A Hough transform47 of the image was taken to identify and fit the edge in the image intensity caused by the sharp condensation boundary. The endpoints of the most probable edge were fit with a linear equation. The error was taken to be the difference between the heights at the ends of the fit line. To avoid confusion with intensity edges from stationary components such as the antennas, the image frame was cut to a 200 × 232 pixel frame of the central area immediately above the inductive antennas. The known distance between the three inductive antenna rings and a pixel count between the rings determined the cm per pixel resolution of the camera frames.

Fluid dynamic simulations

Only the shock tube with the reservoir was simulated here. The simulations of the argon flow were conducted by solving compressible Navier-Stokes equations with the HyBurn code based on the AMRex framework48. HyBurn uses a high-order Godunov algorithm with the HLLCM approximate Riemann solver49 and the seventh-order WENO method50 to reconstruct the primitive variables (pressure, temperature, and velocity). The solution was marched in time using third-order strong-stability preserving Runge-Kutta51. HyBurn implements the complex geometry of the gas reservoir, shock tube, and expansion chamber using immersed boundary methods52. First, the geometry was drawn using the SolidWorks computer-aided design package and exported to a stereolithography file. The complex geometry was input into HyBurn by generating a signed-distance function53 based on the intersection points of triangles in the stereolithography file with the computational mesh. The boundary conditions on the embedded geometry are enforced using the method of images52. The uncertainty in the simulation was determined by varying the burst pressure of the diaphragm within the −3% /+6% rating of the manufacturer and by conducting a convergence study. The convergence study revealed that not all features of the flow at the 90 reservoir connection to the shock tube can be resolved; however, the Mach disk evolution is relatively insensitive to the resulting variation in pressure profile due to Mach disk hysteresis32.

Kinetic simulations

The Townsend ionization coefficient α is calculated with the Boltzmann solver BOLSIG+54. To calculate α, BOLSIG+ needs density, temperature, electric field, and molecular cross-sections.
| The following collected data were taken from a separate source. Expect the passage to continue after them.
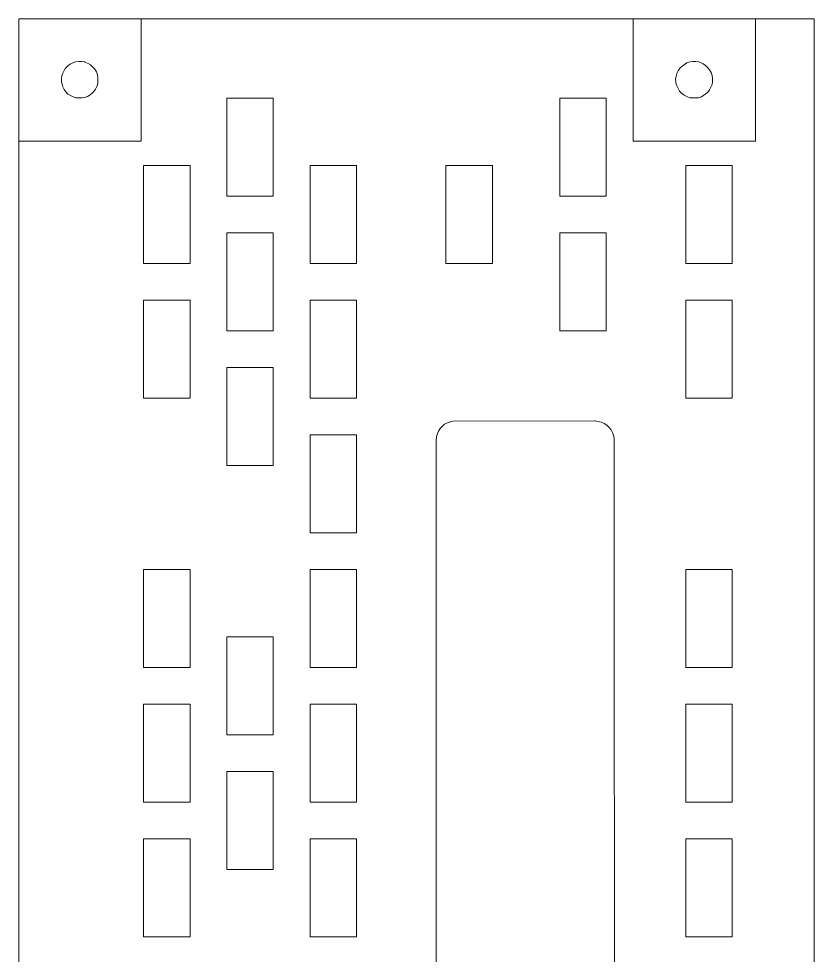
# Model space of a CAD drawing. Header units: millimetres. Extents: x -38 to 1265, y -860 to -429.
# Drawn here: x 420.5 to 485.5, y -596.7 to -520.2 of the extents above; entities that cross this region are included whole.
import ezdxf

# ---------------------------------------------------------------- set-up
doc = ezdxf.new("R2010")
doc.units = ezdxf.units.MM
doc.header["$MEASUREMENT"] = 0
doc.layers.add('layer 1', color=7, linetype='Continuous')

msp = doc.modelspace()

# ---------------------------------------------------------------- linework, layer by layer
at = {"layer": 'layer 1', "color": 230, "lineweight": 9}
for points in [[(430.5125, -520.2375), (430.5125, -520.2375), (420.5125, -520.2375), (420.5125, -520.2375), (420.5125, -520.2375), (420.5125, -530.2375), (420.5125, -530.2375), (420.5125, -530.2375), (430.5125, -530.2375), (430.5125, -530.2375), (430.5125, -530.2375), (430.5125, -520.2375), (430.5125, -520.2375)], [(470.7125, -530.2375), (470.7125, -530.2375), (480.7125, -530.2375), (480.7125, -530.2375), (480.7125, -530.2375), (480.7125, -520.2375), (480.7125, -520.2375), (480.7125, -520.2375), (470.7125, -520.2375), (470.7125, -520.2375), (470.7125, -520.2375), (470.7125, -530.2375), (470.7125, -530.2375)]]:
    msp.add_open_spline(points, degree=3, knots=[0, 0, 0, 0, 0.25, 0.25, 0.25, 0.5, 0.5, 0.5, 0.75, 0.75, 0.75, 1, 1, 1, 1], dxfattribs=at)
at = {"layer": 'layer 1', "color": 250, "lineweight": 9}
for points, knots in [([(420.5125, -750.2375), (420.5125, -750.2375), (485.5125, -750.2375), (485.5125, -750.2375), (485.5125, -750.2375), (485.5125, -520.2375), (485.5125, -520.2375), (485.5125, -520.2375), (420.5125, -520.2375), (420.5125, -520.2375), (420.5125, -520.2375), (420.5125, -750.2375), (420.5125, -750.2375)], [0, 0, 0, 0, 0.25, 0.25, 0.25, 0.5, 0.5, 0.5, 0.75, 0.75, 0.75, 1, 1, 1, 1]), ([(425.8875, -523.7625), (425.8875, -523.7625), (425.6625, -523.7375), (425.6625, -523.7375), (425.6625, -523.7375), (425.4125, -523.7375), (425.4125, -523.7375), (425.4125, -523.7375), (425.1625, -523.7625), (425.1625, -523.7625), (425.1625, -523.7625), (424.9375, -523.8375), (424.9375, -523.8375), (424.9375, -523.8375), (424.7125, -523.9375), (424.7125, -523.9375), (424.7125, -523.9375), (424.5125, -524.0875), (424.5125, -524.0875), (424.5125, -524.0875), (424.3375, -524.2625), (424.3375, -524.2625), (424.3375, -524.2625), (424.2125, -524.4625), (424.2125, -524.4625), (424.2125, -524.4625), (424.1125, -524.6875), (424.1125, -524.6875), (424.1125, -524.6875), (424.0375, -524.9125), (424.0375, -524.9125), (424.0375, -524.9125), (424.0125, -525.1625), (424.0125, -525.1625), (424.0125, -525.1625), (424.0125, -525.4125), (424.0125, -525.4125), (424.0125, -525.4125), (424.0625, -525.5875), (424.0625, -525.5875), (424.0625, -525.5875), (424.1125, -525.7875), (424.1125, -525.7875), (424.1125, -525.7875), (424.2125, -526.0125), (424.2125, -526.0125), (424.2125, -526.0125), (424.3625, -526.2125), (424.3625, -526.2125), (424.3625, -526.2125), (424.5375, -526.3875), (424.5375, -526.3875), (424.5375, -526.3875), (424.7375, -526.5125), (424.7375, -526.5125), (424.7375, -526.5125), (424.9625, -526.6125), (424.9625, -526.6125), (424.9625, -526.6125), (425.1875, -526.6875), (425.1875, -526.6875), (425.1875, -526.6875), (425.4375, -526.7125), (425.4375, -526.7125), (425.4375, -526.7125), (425.6875, -526.7125), (425.6875, -526.7125), (425.6875, -526.7125), (425.9125, -526.6625), (425.9125, -526.6625), (425.9125, -526.6625), (426.1375, -526.5875), (426.1375, -526.5875), (426.1375, -526.5875), (426.3625, -526.4625), (426.3625, -526.4625), (426.3625, -526.4625), (426.5125, -526.3125), (426.5125, -526.3125), (426.5125, -526.3125), (426.6625, -526.1875), (426.6625, -526.1875), (426.6625, -526.1875), (426.7875, -525.9875), (426.7875, -525.9875), (426.7875, -525.9875), (426.8875, -525.7625), (426.8875, -525.7625), (426.8875, -525.7625), (426.9625, -525.5375), (426.9625, -525.5375), (426.9625, -525.5375), (426.9875, -525.2875), (426.9875, -525.2875), (426.9875, -525.2875), (426.9875, -525.0375), (426.9875, -525.0375), (426.9875, -525.0375), (426.9375, -524.8125), (426.9375, -524.8125), (426.9375, -524.8125), (426.8625, -524.5875), (426.8625, -524.5875), (426.8625, -524.5875), (426.7375, -524.3625), (426.7375, -524.3625), (426.7375, -524.3625), (426.5625, -524.1875), (426.5625, -524.1875), (426.5625, -524.1875), (426.3875, -524.0125), (426.3875, -524.0125), (426.3875, -524.0125), (426.1875, -523.8875), (426.1875, -523.8875), (426.1875, -523.8875), (426.0375, -523.8375), (426.0375, -523.8375), (426.0375, -523.8375), (425.9125, -523.7875), (425.9125, -523.7875), (425.9125, -523.7875), (425.8875, -523.7625), (425.8875, -523.7625)], [0, 0, 0, 0, 0.0243902, 0.0243902, 0.0243902, 0.0487805, 0.0487805, 0.0487805, 0.0731707, 0.0731707, 0.0731707, 0.097561, 0.097561, 0.097561, 0.1219512, 0.1219512, 0.1219512, 0.1463415, 0.1463415, 0.1463415, 0.1707317, 0.1707317, 0.1707317, 0.195122, 0.195122, 0.195122, 0.2195122, 0.2195122, 0.2195122, 0.2439024, 0.2439024, 0.2439024, 0.2682927, 0.2682927, 0.2682927, 0.2926829, 0.2926829, 0.2926829, 0.3170732, 0.3170732, 0.3170732, 0.3414634, 0.3414634, 0.3414634, 0.3658537, 0.3658537, 0.3658537, 0.3902439, 0.3902439, 0.3902439, 0.4146341, 0.4146341, 0.4146341, 0.4390244, 0.4390244, 0.4390244, 0.4634146, 0.4634146, 0.4634146, 0.4878049, 0.4878049, 0.4878049, 0.5121951, 0.5121951, 0.5121951, 0.5365854, 0.5365854, 0.5365854, 0.5609756, 0.5609756, 0.5609756, 0.5853659, 0.5853659, 0.5853659, 0.6097561, 0.6097561, 0.6097561, 0.6341463, 0.6341463, 0.6341463, 0.6585366, 0.6585366, 0.6585366, 0.6829268, 0.6829268, 0.6829268, 0.7073171, 0.7073171, 0.7073171, 0.7317073, 0.7317073, 0.7317073, 0.7560976, 0.7560976, 0.7560976, 0.7804878, 0.7804878, 0.7804878, 0.804878, 0.804878, 0.804878, 0.8292683, 0.8292683, 0.8292683, 0.8536585, 0.8536585, 0.8536585, 0.8780488, 0.8780488, 0.8780488, 0.902439, 0.902439, 0.902439, 0.9268293, 0.9268293, 0.9268293, 0.9512195, 0.9512195, 0.9512195, 0.9756098, 0.9756098, 0.9756098, 1, 1, 1, 1]), ([(474.2125, -525.4125), (474.2125, -525.4125), (474.1875, -525.1875), (474.1875, -525.1875), (474.1875, -525.1875), (474.2375, -524.9375), (474.2375, -524.9375), (474.2375, -524.9375), (474.2875, -524.7125), (474.2875, -524.7125), (474.2875, -524.7125), (474.3875, -524.4875), (474.3875, -524.4875), (474.3875, -524.4875), (474.5375, -524.2875), (474.5375, -524.2875), (474.5375, -524.2875), (474.7125, -524.1125), (474.7125, -524.1125), (474.7125, -524.1125), (474.9125, -523.9625), (474.9125, -523.9625), (474.9125, -523.9625), (475.1125, -523.8375), (475.1125, -523.8375), (475.1125, -523.8375), (475.3375, -523.7625), (475.3375, -523.7625), (475.3375, -523.7625), (475.5875, -523.7375), (475.5875, -523.7375), (475.5875, -523.7375), (475.8375, -523.7375), (475.8375, -523.7375), (475.8375, -523.7375), (476.0875, -523.7625), (476.0875, -523.7625), (476.0875, -523.7625), (476.2625, -523.8375), (476.2625, -523.8375), (476.2625, -523.8375), (476.4375, -523.9125), (476.4375, -523.9125), (476.4375, -523.9125), (476.6375, -524.0625), (476.6375, -524.0625), (476.6375, -524.0625), (476.8125, -524.2375), (476.8125, -524.2375), (476.8125, -524.2375), (476.9625, -524.4125), (476.9625, -524.4125), (476.9625, -524.4125), (477.0875, -524.6375), (477.0875, -524.6375), (477.0875, -524.6375), (477.1625, -524.8625), (477.1625, -524.8625), (477.1625, -524.8625), (477.1875, -525.1125), (477.1875, -525.1125), (477.1875, -525.1125), (477.1875, -525.3625), (477.1875, -525.3625), (477.1875, -525.3625), (477.1625, -525.6125), (477.1625, -525.6125), (477.1625, -525.6125), (477.0625, -525.8375), (477.0625, -525.8375), (477.0625, -525.8375), (476.9625, -526.0375), (476.9625, -526.0375), (476.9625, -526.0375), (476.8125, -526.2375), (476.8125, -526.2375), (476.8125, -526.2375), (476.6625, -526.3625), (476.6625, -526.3625), (476.6625, -526.3625), (476.4875, -526.4875), (476.4875, -526.4875), (476.4875, -526.4875), (476.2875, -526.6125), (476.2875, -526.6125), (476.2875, -526.6125), (476.0625, -526.6875), (476.0625, -526.6875), (476.0625, -526.6875), (475.8125, -526.7125), (475.8125, -526.7125), (475.8125, -526.7125), (475.5625, -526.7125), (475.5625, -526.7125), (475.5625, -526.7125), (475.3375, -526.6875), (475.3375, -526.6875), (475.3375, -526.6875), (475.0875, -526.5875), (475.0875, -526.5875), (475.0875, -526.5875), (474.8875, -526.4875), (474.8875, -526.4875), (474.8875, -526.4875), (474.6875, -526.3375), (474.6875, -526.3375), (474.6875, -526.3375), (474.5125, -526.1625), (474.5125, -526.1625), (474.5125, -526.1625), (474.3875, -525.9375), (474.3875, -525.9375), (474.3875, -525.9375), (474.2875, -525.7125), (474.2875, -525.7125), (474.2875, -525.7125), (474.2375, -525.5875), (474.2375, -525.5875), (474.2375, -525.5875), (474.2125, -525.4375), (474.2125, -525.4375), (474.2125, -525.4375), (474.2125, -525.4125), (474.2125, -525.4125)], [0, 0, 0, 0, 0.0243902, 0.0243902, 0.0243902, 0.0487805, 0.0487805, 0.0487805, 0.0731707, 0.0731707, 0.0731707, 0.097561, 0.097561, 0.097561, 0.1219512, 0.1219512, 0.1219512, 0.1463415, 0.1463415, 0.1463415, 0.1707317, 0.1707317, 0.1707317, 0.195122, 0.195122, 0.195122, 0.2195122, 0.2195122, 0.2195122, 0.2439024, 0.2439024, 0.2439024, 0.2682927, 0.2682927, 0.2682927, 0.2926829, 0.2926829, 0.2926829, 0.3170732, 0.3170732, 0.3170732, 0.3414634, 0.3414634, 0.3414634, 0.3658537, 0.3658537, 0.3658537, 0.3902439, 0.3902439, 0.3902439, 0.4146341, 0.4146341, 0.4146341, 0.4390244, 0.4390244, 0.4390244, 0.4634146, 0.4634146, 0.4634146, 0.4878049, 0.4878049, 0.4878049, 0.5121951, 0.5121951, 0.5121951, 0.5365854, 0.5365854, 0.5365854, 0.5609756, 0.5609756, 0.5609756, 0.5853659, 0.5853659, 0.5853659, 0.6097561, 0.6097561, 0.6097561, 0.6341463, 0.6341463, 0.6341463, 0.6585366, 0.6585366, 0.6585366, 0.6829268, 0.6829268, 0.6829268, 0.7073171, 0.7073171, 0.7073171, 0.7317073, 0.7317073, 0.7317073, 0.7560976, 0.7560976, 0.7560976, 0.7804878, 0.7804878, 0.7804878, 0.804878, 0.804878, 0.804878, 0.8292683, 0.8292683, 0.8292683, 0.8536585, 0.8536585, 0.8536585, 0.8780488, 0.8780488, 0.8780488, 0.902439, 0.902439, 0.902439, 0.9268293, 0.9268293, 0.9268293, 0.9512195, 0.9512195, 0.9512195, 0.9756098, 0.9756098, 0.9756098, 1, 1, 1, 1]), ([(437.5125, -526.7375), (437.5125, -526.7375), (437.5125, -526.7375), (437.5125, -526.7375), (437.5125, -526.7375), (441.3125, -526.7375), (441.3125, -526.7375), (441.3125, -526.7375), (441.3125, -534.7125), (441.3125, -534.7125), (441.3125, -534.7125), (441.2875, -534.7375), (441.2875, -534.7375), (441.2875, -534.7375), (437.5125, -534.7375), (437.5125, -534.7375), (437.5125, -534.7375), (437.5125, -534.7125), (437.5125, -534.7125), (437.5125, -534.7125), (437.5125, -526.7375), (437.5125, -526.7375)], [0, 0, 0, 0, 0.1428571, 0.1428571, 0.1428571, 0.2857143, 0.2857143, 0.2857143, 0.4285714, 0.4285714, 0.4285714, 0.5714286, 0.5714286, 0.5714286, 0.7142857, 0.7142857, 0.7142857, 0.8571429, 0.8571429, 0.8571429, 1, 1, 1, 1]), ([(468.5125, -534.7125), (468.5125, -534.7125), (468.4875, -534.7375), (468.4875, -534.7375), (468.4875, -534.7375), (464.7125, -534.7375), (464.7125, -534.7375), (464.7125, -534.7375), (464.7125, -534.7125), (464.7125, -534.7125), (464.7125, -534.7125), (464.7125, -526.7375), (464.7125, -526.7375), (464.7125, -526.7375), (464.7125, -526.7375), (464.7125, -526.7375), (464.7125, -526.7375), (468.5125, -526.7375), (468.5125, -526.7375), (468.5125, -526.7375), (468.5125, -534.7125), (468.5125, -534.7125)], [0, 0, 0, 0, 0.1428571, 0.1428571, 0.1428571, 0.2857143, 0.2857143, 0.2857143, 0.4285714, 0.4285714, 0.4285714, 0.5714286, 0.5714286, 0.5714286, 0.7142857, 0.7142857, 0.7142857, 0.8571429, 0.8571429, 0.8571429, 1, 1, 1, 1]), ([(430.7125, -540.2125), (430.7125, -540.2125), (430.7125, -532.2375), (430.7125, -532.2375), (430.7125, -532.2375), (430.7125, -532.2375), (430.7125, -532.2375), (430.7125, -532.2375), (434.4875, -532.2375), (434.4875, -532.2375), (434.4875, -532.2375), (434.5125, -532.2375), (434.5125, -532.2375), (434.5125, -532.2375), (434.5125, -540.2375), (434.5125, -540.2375), (434.5125, -540.2375), (430.7125, -540.2375), (430.7125, -540.2375), (430.7125, -540.2375), (430.7125, -540.2125), (430.7125, -540.2125)], [0, 0, 0, 0, 0.1428571, 0.1428571, 0.1428571, 0.2857143, 0.2857143, 0.2857143, 0.4285714, 0.4285714, 0.4285714, 0.5714286, 0.5714286, 0.5714286, 0.7142857, 0.7142857, 0.7142857, 0.8571429, 0.8571429, 0.8571429, 1, 1, 1, 1]), ([(448.1125, -540.2375), (448.1125, -540.2375), (444.3125, -540.2375), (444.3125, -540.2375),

The spatial distributions of density n0 and temperature are obtained from the Hyburn fluid dynamics simulation output. The reduced electric field E/n0 is modeled as described in the results section. Among neglected effects is the influence of the metallic burst disc fragments pointed out in Fig. 2. A future campaign with non-fragmenting burst discs could determine if the model needs to be adjusted. The argon reaction cross sections are obtained from the LXCat55 Morgan database (retrieved on May 21, 2020). The background ionization to neutral ratio is approximated from the Saha equation as ~10−28; the results are very insensitive to this number. BOLSIG+ produces as output the reduced ionization coefficient α/n0, which is very strongly dependent on E/n0. The procedure for finding potential breakdown paths begins with tabulating all local maxima of α to use as initiation points for discharges. Paths are then found by computing forward and backward streamlines along the electric field through these points, terminating when α falls below some chosen threshold. Finally, we integrate α along each path to obtain the total number of ionization lengths K, allowing direct comparison to equation (2). This model provides a rough estimate of the discharge conditions in the bulk flow.